Stop Paying OpenAI to Test Your Prompts

| 4 min read |
llm local-development ollama open-source

Local LLMs are finally good enough for development. Use them for iteration, keep the API bills for production.

I keep watching developers iterate on prompts by hitting GPT-4 hundreds of times a day. Every keystroke, another API call. Every experiment, another line on the invoice. Then they act surprised when the monthly bill shows up.

This is dumb. Not because the hosted models are bad – they are great. But because you don’t need frontier-model quality to test whether your prompt template works, your parsing logic handles edge cases, or your UI renders a streamed response correctly.

Run a local model. Iterate fast. Save the API calls for when you actually need them.

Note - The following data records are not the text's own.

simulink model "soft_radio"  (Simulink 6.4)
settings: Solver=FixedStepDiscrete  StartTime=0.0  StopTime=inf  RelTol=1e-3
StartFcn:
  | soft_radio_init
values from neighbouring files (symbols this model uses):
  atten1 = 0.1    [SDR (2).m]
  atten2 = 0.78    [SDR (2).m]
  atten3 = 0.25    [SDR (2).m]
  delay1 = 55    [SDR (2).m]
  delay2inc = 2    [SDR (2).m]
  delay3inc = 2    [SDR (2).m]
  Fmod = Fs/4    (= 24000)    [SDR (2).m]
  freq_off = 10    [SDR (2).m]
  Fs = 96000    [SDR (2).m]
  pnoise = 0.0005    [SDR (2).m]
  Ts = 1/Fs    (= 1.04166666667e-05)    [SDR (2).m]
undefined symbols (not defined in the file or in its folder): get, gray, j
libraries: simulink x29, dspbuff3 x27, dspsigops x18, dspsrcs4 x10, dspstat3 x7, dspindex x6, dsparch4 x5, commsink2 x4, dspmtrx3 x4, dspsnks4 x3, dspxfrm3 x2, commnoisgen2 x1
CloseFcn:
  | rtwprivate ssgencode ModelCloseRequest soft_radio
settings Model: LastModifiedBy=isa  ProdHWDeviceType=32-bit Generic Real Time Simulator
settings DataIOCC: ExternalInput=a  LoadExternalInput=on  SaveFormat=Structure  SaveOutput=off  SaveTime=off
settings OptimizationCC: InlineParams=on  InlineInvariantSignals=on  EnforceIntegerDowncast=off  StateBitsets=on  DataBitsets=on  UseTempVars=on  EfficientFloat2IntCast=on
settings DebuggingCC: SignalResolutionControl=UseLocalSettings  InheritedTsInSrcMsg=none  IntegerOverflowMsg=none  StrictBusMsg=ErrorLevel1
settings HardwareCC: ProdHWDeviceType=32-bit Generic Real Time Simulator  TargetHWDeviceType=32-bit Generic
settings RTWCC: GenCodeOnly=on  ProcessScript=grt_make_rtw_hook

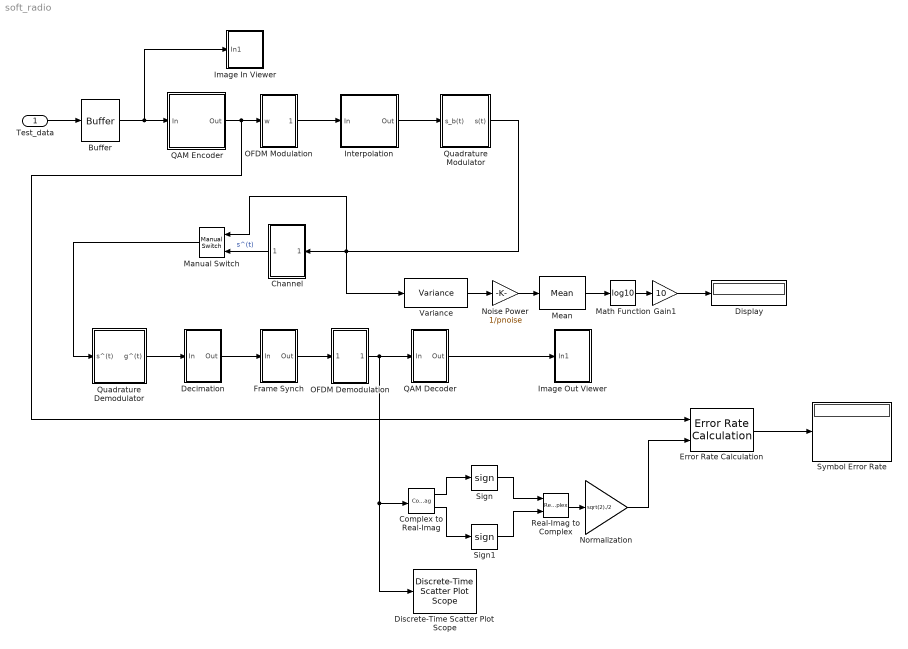
== system soft_radio ==
  Test_data : Inport  PortDimensions=1  SampleTime=1/(5*125)  DataType=uint8  Interpolate=off
  Buffer : dspbuff3/Buffer  N=256  V=0  ic=255
  Channel : Subsystem  Orientation=left
  Complex to Real-Imag : ComplexToRealImag
  Decimation : Subsystem
  Discrete-Time Scatter Plot Scope : commsink2/Discrete-Time Scatter Plot Scope  Tag=ScatterPlot  SystemSampleTime=-1  sampPerSymb=1  offsetEye=0  numTraces=40  numNewFrames=10  LineMarkers=.  LineColors=b  fading=on  render=on  AxisGrid=on  xMin=-1.87322652919263  xMax=1.91980304391689  yMin=-1.85318186191091  yMax=1.93984771119861  inphaseLabel=In-phase Amplitude  quadratureLabel=Quadrature Amplitude  openScopeAtSimStart=on  FrameNumber=off  FigPos=[360 138 560 560]  figTitle=Scatter Plot  numLinesMax=8  block_type_=scatter
  Display : Display
  Error Rate Calculation : commsink2/Error Rate Calculation  N=940  st_delay=0  cp_mode=Entire frame  subframe=[]  PMode=Port  WsName=ErrorVec  RsMode2=off  stop=off  numErr=1  maxBits=1
  Frame Synch : Subsystem
  Gain1 : Gain  Gain=10
  Image In Viewer : Subsystem
  Image Out Viewer : Subsystem
  "Interpolation " : Subsystem
  Manual Switch : simulink/Signal Routing/Manual Switch  Orientation=left  SystemSampleTime=-1  sw=1  action=0
  Math Function : Math  Operator=log10  SaturateOnIntegerOverflow=on
  Mean : dspstat3/Mean  DialogController=dspDDGCreate  DialogControllerArgs=DataTag10  run=on  reset_popup=None  roundingMode=Floor  overflowMode=off
  Noise Power : Gain  Gain=1/pnoise
  Normalization : Gain  Gain=sqrt(2)./2
  OFDM Demodulation : Subsystem
  OFDM Modulation : Subsystem
  QAM Decoder : Subsystem
  QAM Encoder : Subsystem
  Quadrature Demodulator : Subsystem
  Quadrature Modulator : Subsystem
  Real-Imag to Complex : RealImagToComplex
  Sign : Signum
  Sign1 : Signum
  Symbol Error Rate : Display
  Variance : dspstat3/Variance  DialogController=dspDDGCreate  DialogControllerArgs=DataTag15  run=off  reset_popup=None  roundingMode=Floor  overflowMode=off
  wires:
  Test_data/1 -> Buffer/1
  QAM Decoder/1(Out) -> Image Out Viewer/1(In1)
  Buffer/1 -> QAM Encoder/1(In), Image In Viewer/1(In1)
  OFDM Demodulation/1(w^) -> QAM Decoder/1(In), Discrete-Time Scatter Plot Scope/1, Complex to Real-Imag/1
  QAM Encoder/1(Out) -> OFDM Modulation/1(w), Error Rate Calculation/1
  OFDM Modulation/1(s_b(t)) -> "Interpolation "/1(In)
  "Interpolation "/1(Out) -> Quadrature Modulator/1(s_b(t))
  Quadrature Demodulator/1(g^(t)) -> Decimation/1(In)
  Decimation/1(Out) -> Frame Synch/1(In)
  Frame Synch/1(Out) -> OFDM Demodulation/1(g^(t))
  Quadrature Modulator/1(s(t)) -> Channel/1(s(t)), Manual Switch/1, Variance/1
  Channel/1(s^(t)) -> Manual Switch/2  "s^(t)"
  Manual Switch/1 -> Quadrature Demodulator/1(s^(t))
  Variance/1 -> Noise Power/1
  Noise Power/1 -> Mean/1
  Mean/1 -> Math Function/1
  Math Function/1 -> Gain1/1
  Gain1/1 -> Display/1
  Error Rate Calculation/1 -> Symbol Error Rate/1
  Complex to Real-Imag/1 -> Sign/1
  Complex to Real-Imag/2 -> Sign1/1
  Sign/1 -> Real-Imag to Complex/1
  Sign1/1 -> Real-Imag to Complex/2
  Real-Imag to Complex/1 -> Normalization/1
  Normalization/1 -> Error Rate Calculation/2

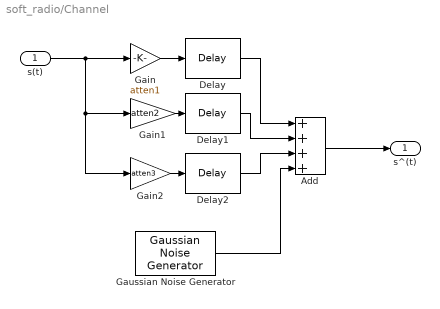
== system soft_radio/Channel ==
  s(t) : Inport
  Add : Sum  Inputs=++++  OutScaling=2^-10
  Delay : dspsigops/Delay  dly_unit=Samples  delay=delay1  ic_detail=off  dif_ic_for_ch=off  dif_ic_for_dly=off  ic=0  reset_popup=None
  Delay1 : dspsigops/Delay  dly_unit=Samples  delay=delay1+delay2inc  ic_detail=off  dif_ic_for_ch=off  dif_ic_for_dly=off  ic=0  reset_popup=None
  Delay2 : dspsigops/Delay  dly_unit=Samples  delay=delay1+delay3inc  ic_detail=off  dif_ic_for_ch=off  dif_ic_for_dly=off  ic=0  reset_popup=None
  Gain : Gain  Gain=atten1
  Gain1 : Gain  Gain=atten2
  Gain2 : Gain  Gain=atten3
  Gaussian Noise Generator : commnoisgen2/Gaussian Noise Generator  SystemSampleTime=-1  m=0  d=pnoise  s=noiseseed  Ts=-1  frameBased=on  sampPerFrame=96  orient=off  outDataType=double
  s^(t) : Outport
  wires:
  s(t)/1 -> Gain/1, Gain1/1, Gain2/1
  Gain/1 -> Delay/1
  Delay/1 -> Add/1
  Gain2/1 -> Delay2/1
  Gain1/1 -> Delay1/1
  Delay1/1 -> Add/2
  Delay2/1 -> Add/3
  Add/1 -> s^(t)/1
  Gaussian Noise Generator/1 -> Add/4

== system soft_radio/Decimation ==
  In : Inport
  Digital Filter Design : dsparch4/Digital Filter Design  SystemSampleTime=-1  mwdsp_browser_bugfix_var=off
  Digital Filter Design1 : dsparch4/Digital Filter Design  SystemSampleTime=-1  mwdsp_browser_bugfix_var=off
  Digital Filter Design2 : dsparch4/Digital Filter Design  SystemSampleTime=-1  mwdsp_browser_bugfix_var=off
  Downsample : dspsigops/Downsample  N=2  phase=0  ic=0  smode=Allow multirate  fmode=Maintain input frame size
  Downsample1 : dspsigops/Downsample  N=2  phase=0  ic=0  smode=Allow multirate  fmode=Maintain input frame size
  Downsample2 : dspsigops/Downsample  N=2  phase=0  ic=0  smode=Allow multirate  fmode=Maintain input frame size
  Out : Outport
  wires:
  Downsample/1 -> Out/1
  In/1 -> Digital Filter Design1/1
  Digital Filter Design1/1 -> Downsample1/1
  Downsample1/1 -> Digital Filter Design2/1
  Digital Filter Design2/1 -> Downsample2/1
  Downsample2/1 -> Digital Filter Design/1
  Digital Filter Design/1 -> Downsample/1

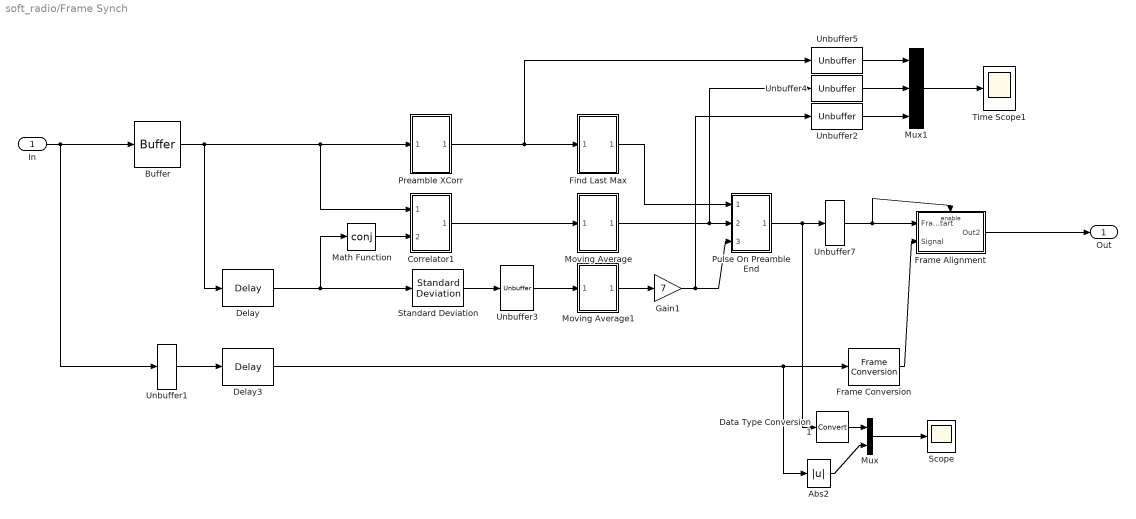
== system soft_radio/Frame Synch ==
  In : Inport
  Abs2 : Abs  SampleTime=-1  SaturateOnIntegerOverflow=off
  Buffer : dspbuff3/Buffer  N=161  V=160  ic=0
  Correlator1 : Subsystem
  Data Type Conversion1 : DataTypeConversion
  Delay : dspsigops/Delay  dly_unit=Frames  delay=161  ic_detail=off  dif_ic_for_ch=off  dif_ic_for_dly=off  ic=0  reset_popup=None
  Delay3 : dspsigops/Delay  dly_unit=Samples  delay=257-96  ic_detail=off  dif_ic_for_ch=off  dif_ic_for_dly=off  ic=0  reset_popup=None
  Find Last Max : Subsystem
  Frame Alignment : Subsystem  TreatAsAtomicUnit=on
  Frame Conversion : FrameConversion
  Gain1 : Gain  Gain=7
  Math Function : Math  Operator=conj  SaturateOnIntegerOverflow=on
  Moving Average : Subsystem
  Moving Average1 : Subsystem
  Mux : Mux  Inputs=2
  Mux1 : Mux  Inputs=3
  Preamble XCorr : Subsystem
  Pulse On Preamble End : Subsystem
  Scope : Scope
      settings: YMin=2.77556e-017  YMax=1  SaveName=frame_scope2  DataFormat=Array  MaxDataPoints=50000
  Standard Deviation : dspstat3/Standard Deviation  run=off  reset_popup=None
  Time Scope1 : Scope
      settings: TimeRange=3  YMin=5.55112e-017  YMax=2.1  DataFormat=Array  MaxDataPoints=50000
  Unbuffer{1..5,7} (6 alike) : dspbuff3/Unbuffer  ic=0
  Out : Outport
  wires:
  Buffer/1 -> Correlator1/1(In1), Preamble XCorr/1(In1), Delay/1
  In/1 -> Buffer/1, Unbuffer1/1
  Preamble XCorr/1(Out1) -> Find Last Max/1(In1), Unbuffer5/1
  Delay/1 -> Standard Deviation/1, Math Function/1
  Standard Deviation/1 -> Unbuffer3/1
  Unbuffer3/1 -> Moving Average1/1(In1)
  Moving Average/1(Out1) -> Pulse On Preamble End/2(In2), Unbuffer4/1
  Correlator1/1(Out1) -> Moving Average/1(In1)
  Moving Average1/1(Out1) -> Gain1/1
  Gain1/1 -> Pulse On Preamble End/3(In3), Unbuffer2/1
  Find Last Max/1(Out1) -> Pulse On Preamble End/1(In1)
  Pulse On Preamble End/1(Out1) -> Unbuffer7/1, Data Type Conversion1/1
  Delay3/1 -> Frame Conversion/1, Abs2/1
  Math Function/1 -> Correlator1/2(In2)
  Frame Conversion/1 -> Frame Alignment/2(Signal)
  Frame Alignment/1(Out2) -> Out/1
  Unbuffer7/1 -> Frame Alignment/1(Frame Start), Frame Alignment/Enable
  Abs2/1 -> Mux/2
  Mux/1 -> Scope/1
  Data Type Conversion1/1 -> Mux/1
  Mux1/1 -> Time Scope1/1
  Unbuffer2/1 -> Mux1/3
  Unbuffer4/1 -> Mux1/2
  Unbuffer5/1 -> Mux1/1
  Unbuffer1/1 -> Delay3/1

== system soft_radio/Image In Viewer ==
  In1 : Inport  Orientation=down
  Delay Line : dspbuff3/Delay Line  siz=256  ic=0  directfeed=off
  Matrix Viewer : dspsnks4/Matrix Viewer  DialogController=dspdialog.MatrixViewer  DialogControllerArgs=DataTag6  ImageParams=off  CMapStr=gray(256)  AxisColorbar=on  AxisParams=off  AxisOrigin=Upper left corner  XLabel=X-axis  YLabel=Y-axis  ZLabel=Z-axis  FigPos=get(0,'defaultfigureposition')  AxisZoom=off
      settings: YMin=0  YMax=255
  Transpose : dspmtrx3/Transpose  SystemSampleTime=-1  Hermitian=off  overflowFlag=on
  Transpose2 : dspmtrx3/Transpose  SystemSampleTime=-1  Hermitian=off  overflowFlag=on
  wires:
  In1/1 -> Transpose/1
  Transpose2/1 -> Matrix Viewer/1
  Delay Line/1 -> Transpose2/1
  Transpose/1 -> Delay Line/1

== system soft_radio/Image Out Viewer ==
  In1 : Inport  Orientation=down
  Delay Line : dspbuff3/Delay Line  siz=256  ic=0  directfeed=off
  Matrix Viewer : dspsnks4/Matrix Viewer  DialogController=dspdialog.MatrixViewer  DialogControllerArgs=DataTag7  ImageParams=off  CMapStr=gray(256)  AxisColorbar=on  AxisParams=off  AxisOrigin=Upper left corner  XLabel=X-axis  YLabel=Y-axis  ZLabel=Z-axis  FigPos=get(0,'defaultfigureposition')  AxisZoom=off
      settings: YMin=0  YMax=255
  Transpose : dspmtrx3/Transpose  SystemSampleTime=-1  Hermitian=off  overflowFlag=on
  Transpose2 : dspmtrx3/Transpose  SystemSampleTime=-1  Hermitian=off  overflowFlag=on
  wires:
  Transpose/1 -> Delay Line/1
  Delay Line/1 -> Transpose2/1
  Transpose2/1 -> Matrix Viewer/1
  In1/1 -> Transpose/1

The actual reasons to go local

Forget the hand-wavy “sovereignty” arguments for a moment. The practical reasons are simple:

Speed. No network round-trip. No rate limits. No waiting in a queue behind someone else’s batch job. I can test a prompt change in under a second on a MacBook with Ollama running a 7B model. That feedback loop matters when you’re doing fifty iterations in an afternoon.

Cost. Zero marginal cost per request. I ran through over a thousand prompt variations last month while building an extraction pipeline. On GPT-4, that would have been a few hundred dollars. Locally, it was electricity.

Privacy. Some of my work involves data I can’t send to a third-party API. Full stop. Local inference solves that problem without paperwork.

The trade-offs are real, so stop pretending otherwise

Local models aren’t frontier models. A 7B parameter model running on your laptop isn’t going to match GPT-4 on complex reasoning tasks. That’s fine. You aren’t using it for production quality – you’re using it for development velocity.

Where local models genuinely fall short:

  • Multi-step reasoning. They lose the thread.
  • Long context windows. Most local models tap out well before 128k tokens.
  • Consistent formatting. They drift more on structured output tasks.
  • Nuanced instruction following. Subtle prompt changes sometimes get ignored.

If your development workflow requires frontier-quality responses at every step, local models aren’t for you. But honestly, most development workflows don’t. You need a model that’s good enough to validate your integration logic, and local models clear that bar easily.

My actual setup

I keep it simple. Ollama for the runtime, a 7B model as default, and an environment variable to swap between local and remote.

func getLLMConfig() LLMConfig {
	if os.Getenv("USE_LOCAL_LLM") == "true" {
		return LLMConfig{
			BaseURL: "http://localhost:11434",
			Model:   "mistral",
		}
	}
	return LLMConfig{
		BaseURL: os.Getenv("LLM_API_URL"),
		Model:   os.Getenv("LLM_MODEL"),
	}
}

That’s it. The rest of the application doesn’t care which model it’s talking to. The interface is the same, the error handling is the same, the retry logic is the same. When I want to validate quality against the real model, I flip the variable and run my eval suite.

The workflow that actually works

  1. Develop locally. Prompt changes, parsing logic, UI work, error handling. All against the local model.
  2. Eval against remote. Before merging, run the same test cases against the production model. Compare outputs.
  3. Ship with confidence. The integration is tested. The quality is validated. The bill is reasonable.

The key insight: your development model and your production model don’t need to be the same. They need to share the same interface.

When to skip local entirely

Be honest about the cases where local doesn’t help:

  • You’re doing few-shot prompt engineering where response quality is the variable you’re testing.
  • Your feature depends on capabilities only frontier models have (vision, very long context, tool use with complex chains).
  • You’re evaluating model-specific behavior like safety responses or refusal patterns.

In those cases, just use the API. The point isn’t religious purity about local inference. The point isn’t burning money on API calls when a local model would have told you the same thing.

Stop overthinking it

Install Ollama. Pull a model. Point your dev config at localhost. You will iterate faster, spend less, and keep sensitive data on your own machine. When you need the real thing, it’s one environment variable away.

This isn’t complicated. It’s just discipline.